3. The polypeptide according to claim 1 wherein the TM is: a Bovine Adrenal Medulla (BAM) peptide, a Melanocyte Stimulating Hormone peptide (MSH), neuropeptides terminating in Y-G or Y-amide, a chloroquine (CQ), a peptide comprising SLIGRLNH2, histamine, serotonin, capsaicin, cortistatin or truncations or peptide analogues thereof.

4. The polypeptide according to claim 1, wherein the TM is: BAM8-22, a γ2-MSH, SLIGRL, NPAF, NPFF, a chloroquine (CQ), a histamine, serotonin, capsaicin, cortistatin or truncations or peptide analogues thereof.

5. The polypeptide according to claim 1, wherein the TM binds to the MrgprX1 receptor.

6. The polypeptide according to claim 1, wherein the TM is BAM8-22 peptide or a truncation or peptide analogue thereof.

7. The polypeptide according to claim 1, wherein the non-cytotoxic protease comprises a clostridial neurotoxin L-chain or an IgA protease.

8. The polypeptide according to claim 1, wherein the translocation domain comprises a clostridial neurotoxin translocation domain.

9. A nucleic acid encoding a polypeptide according to claim 1 for use in suppressing or treating itch.

10. A method of suppressing or treating itch in a patient, comprising administering to the patient an effective amount of a polypeptide according to claim 1.

11. A polypeptide comprising:

(i) a non-cytotoxic protease, which protease is capable of cleaving a SNARE protein in an itch-specific DRG neuron or a pruriceptor;

(ii) a Targeting Moiety (TM) that is capable of binding to a Mas-related G protein-coupled receptor (Mrgpr) on the itch-specific DRG neuron or a pruriceptor, which Mrgpr is capable of undergoing endocytosis to be incorporated into an endosome within the itch-specific DRG neuron or a pruriceptor, and wherein said itch-specific DRG neuron or a pruriceptor expresses said SNARE protein; and

(iii) a translocation domain that is capable of translocating the protease from within an endosome, across the endosomal membrane and into the cytosol of the itch-specific DRG neuron or a pruriceptor;

with the proviso that the polypeptide is not a clostridial neurotoxin (holotoxin) molecule, and wherein the TM is: a Melanocyte Stimulating Hormone peptide (MSH), neuropeptides terminating in Y-G or Y-amide, a chloroquine (CQ), a peptide comprising SLIGRL-NH2, histamine, serotonin, or truncations or peptide analogues thereof.

12. A nucleic acid encoding a polypeptide according to claim 11.

13. The polypeptide according to claim 2, wherein the TM is: a Bovine Adrenal Medulla (BAM) peptide, a Melanocyte Stimulating Hormone peptide (MSH), neuropeptides terminating in Y-G or Y-amide, a chloroquine (CQ), a peptide comprising SLIGRLNH2, histamine, serotonin, capsaicin, cortistatin or truncations or peptide analogues thereof.

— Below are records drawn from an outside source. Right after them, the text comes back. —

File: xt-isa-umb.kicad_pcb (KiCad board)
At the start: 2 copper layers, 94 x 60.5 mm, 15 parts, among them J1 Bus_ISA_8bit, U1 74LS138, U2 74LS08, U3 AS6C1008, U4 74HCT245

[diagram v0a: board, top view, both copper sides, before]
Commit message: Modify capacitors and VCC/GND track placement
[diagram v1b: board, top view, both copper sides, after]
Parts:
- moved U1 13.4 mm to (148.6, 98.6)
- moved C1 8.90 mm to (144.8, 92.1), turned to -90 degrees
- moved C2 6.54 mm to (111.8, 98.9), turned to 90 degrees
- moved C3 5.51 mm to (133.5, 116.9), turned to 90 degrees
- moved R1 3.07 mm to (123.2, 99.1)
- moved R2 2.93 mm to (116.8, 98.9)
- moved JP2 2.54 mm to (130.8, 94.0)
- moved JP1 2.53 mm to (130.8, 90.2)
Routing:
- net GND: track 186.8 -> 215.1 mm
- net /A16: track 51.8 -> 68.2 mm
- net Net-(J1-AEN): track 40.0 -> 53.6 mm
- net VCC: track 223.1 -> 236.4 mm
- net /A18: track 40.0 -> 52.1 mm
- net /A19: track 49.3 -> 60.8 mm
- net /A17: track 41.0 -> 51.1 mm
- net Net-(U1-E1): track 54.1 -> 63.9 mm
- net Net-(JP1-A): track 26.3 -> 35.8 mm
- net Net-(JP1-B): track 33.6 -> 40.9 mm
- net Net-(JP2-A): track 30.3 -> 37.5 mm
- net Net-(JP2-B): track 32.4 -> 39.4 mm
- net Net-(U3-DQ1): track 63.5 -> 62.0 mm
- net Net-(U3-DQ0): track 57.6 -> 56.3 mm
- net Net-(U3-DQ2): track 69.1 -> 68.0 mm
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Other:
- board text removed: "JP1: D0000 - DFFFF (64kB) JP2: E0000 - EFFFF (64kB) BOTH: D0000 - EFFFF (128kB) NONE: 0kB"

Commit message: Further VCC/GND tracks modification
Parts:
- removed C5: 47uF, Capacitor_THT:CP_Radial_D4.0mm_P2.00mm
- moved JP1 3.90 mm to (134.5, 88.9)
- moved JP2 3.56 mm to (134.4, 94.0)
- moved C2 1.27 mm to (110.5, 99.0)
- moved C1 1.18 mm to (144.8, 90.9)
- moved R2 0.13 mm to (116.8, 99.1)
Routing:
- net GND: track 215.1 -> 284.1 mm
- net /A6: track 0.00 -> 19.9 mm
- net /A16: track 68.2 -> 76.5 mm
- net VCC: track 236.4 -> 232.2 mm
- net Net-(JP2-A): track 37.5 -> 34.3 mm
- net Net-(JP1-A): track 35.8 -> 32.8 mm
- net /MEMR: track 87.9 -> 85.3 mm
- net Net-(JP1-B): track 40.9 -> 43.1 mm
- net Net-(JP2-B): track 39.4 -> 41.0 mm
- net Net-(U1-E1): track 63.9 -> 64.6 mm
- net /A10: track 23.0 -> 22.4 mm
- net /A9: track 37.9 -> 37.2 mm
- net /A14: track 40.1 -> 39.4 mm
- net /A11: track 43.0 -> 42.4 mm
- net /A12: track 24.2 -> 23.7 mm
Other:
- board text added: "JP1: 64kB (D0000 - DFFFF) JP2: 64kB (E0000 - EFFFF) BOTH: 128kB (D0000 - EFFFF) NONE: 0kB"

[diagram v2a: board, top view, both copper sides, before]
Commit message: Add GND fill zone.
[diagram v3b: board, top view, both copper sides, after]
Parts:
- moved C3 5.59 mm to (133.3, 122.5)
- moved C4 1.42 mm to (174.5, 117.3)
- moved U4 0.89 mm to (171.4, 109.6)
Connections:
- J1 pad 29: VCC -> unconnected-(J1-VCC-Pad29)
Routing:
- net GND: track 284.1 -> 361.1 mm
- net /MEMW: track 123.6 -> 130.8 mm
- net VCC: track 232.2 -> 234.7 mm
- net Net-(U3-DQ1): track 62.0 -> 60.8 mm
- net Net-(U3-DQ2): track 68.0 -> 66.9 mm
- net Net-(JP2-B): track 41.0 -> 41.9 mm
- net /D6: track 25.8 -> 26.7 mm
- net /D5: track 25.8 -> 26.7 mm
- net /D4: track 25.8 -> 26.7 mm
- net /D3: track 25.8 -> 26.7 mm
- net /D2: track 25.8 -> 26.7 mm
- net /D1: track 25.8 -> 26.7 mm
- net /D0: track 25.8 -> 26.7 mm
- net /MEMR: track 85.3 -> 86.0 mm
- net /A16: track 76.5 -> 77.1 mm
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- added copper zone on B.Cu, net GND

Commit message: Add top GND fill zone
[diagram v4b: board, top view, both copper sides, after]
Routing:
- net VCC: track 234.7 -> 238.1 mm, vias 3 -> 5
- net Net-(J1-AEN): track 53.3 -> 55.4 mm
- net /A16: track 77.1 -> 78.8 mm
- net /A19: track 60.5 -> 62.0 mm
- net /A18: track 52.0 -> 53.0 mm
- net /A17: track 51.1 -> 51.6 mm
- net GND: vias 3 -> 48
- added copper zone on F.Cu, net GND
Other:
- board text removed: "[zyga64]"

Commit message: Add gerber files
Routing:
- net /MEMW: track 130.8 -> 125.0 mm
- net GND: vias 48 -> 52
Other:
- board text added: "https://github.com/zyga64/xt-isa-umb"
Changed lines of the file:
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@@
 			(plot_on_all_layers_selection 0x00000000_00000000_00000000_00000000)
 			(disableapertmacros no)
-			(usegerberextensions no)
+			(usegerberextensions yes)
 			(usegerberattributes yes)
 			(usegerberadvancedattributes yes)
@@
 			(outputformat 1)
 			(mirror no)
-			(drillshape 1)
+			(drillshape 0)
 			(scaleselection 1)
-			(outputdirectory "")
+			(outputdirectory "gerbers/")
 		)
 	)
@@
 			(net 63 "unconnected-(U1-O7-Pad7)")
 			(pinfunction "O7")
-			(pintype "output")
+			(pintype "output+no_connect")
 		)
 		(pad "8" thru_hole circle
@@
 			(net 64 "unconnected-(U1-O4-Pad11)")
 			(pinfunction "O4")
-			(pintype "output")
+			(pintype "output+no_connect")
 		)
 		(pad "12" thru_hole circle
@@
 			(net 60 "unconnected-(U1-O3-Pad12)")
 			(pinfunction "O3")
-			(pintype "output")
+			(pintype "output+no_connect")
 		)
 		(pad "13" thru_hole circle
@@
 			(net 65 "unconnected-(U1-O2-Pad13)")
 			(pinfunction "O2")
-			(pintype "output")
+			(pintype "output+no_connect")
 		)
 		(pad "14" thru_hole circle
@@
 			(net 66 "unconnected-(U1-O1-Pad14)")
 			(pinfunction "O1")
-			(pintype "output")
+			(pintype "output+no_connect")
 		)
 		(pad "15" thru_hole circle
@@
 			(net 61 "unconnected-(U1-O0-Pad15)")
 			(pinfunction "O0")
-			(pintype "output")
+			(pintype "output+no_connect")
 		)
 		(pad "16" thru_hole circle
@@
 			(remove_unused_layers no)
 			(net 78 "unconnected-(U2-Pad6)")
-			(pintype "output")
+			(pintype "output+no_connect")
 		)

14. The polypeptide according to claim 2, wherein the non-cytotoxic protease comprises a clostridial neurotoxin L-chain or an IgA protease; and/or;

wherein the translocation domain comprises a clostridial neurotoxin translocation domain.

15. The polypeptide according to claim 3, wherein the non-cytotoxic protease comprises a clostridial neurotoxin L-chain or an IgA protease; and/or;

wherein the translocation domain comprises a clostridial neurotoxin translocation domain.

16. The polypeptide according to claim 4, wherein the non-cytotoxic protease comprises a clostridial neurotoxin L-chain or an IgA protease; and/or;

wherein the translocation domain comprises a clostridial neurotoxin translocation domain.

17. The polypeptide according to claim 5, wherein the non-cytotoxic protease comprises a clostridial neurotoxin L-chain or an IgA protease; and/or;

wherein the translocation domain comprises a clostridial neurotoxin translocation domain.

18. The polypeptide according to claim 6, wherein the non-cytotoxic protease comprises a clostridial neurotoxin L-chain or an IgA protease; and/or;

wherein the translocation domain comprises a clostridial neurotoxin translocation domain.

19. A method of suppressing or treating itch in a patient, comprising administering to the patient an effective amount of a polypeptide according to claim 2.

20. A method of suppressing or treating itch in a patient, comprising administering to the patient an effective amount of a polypeptide according to claim 3.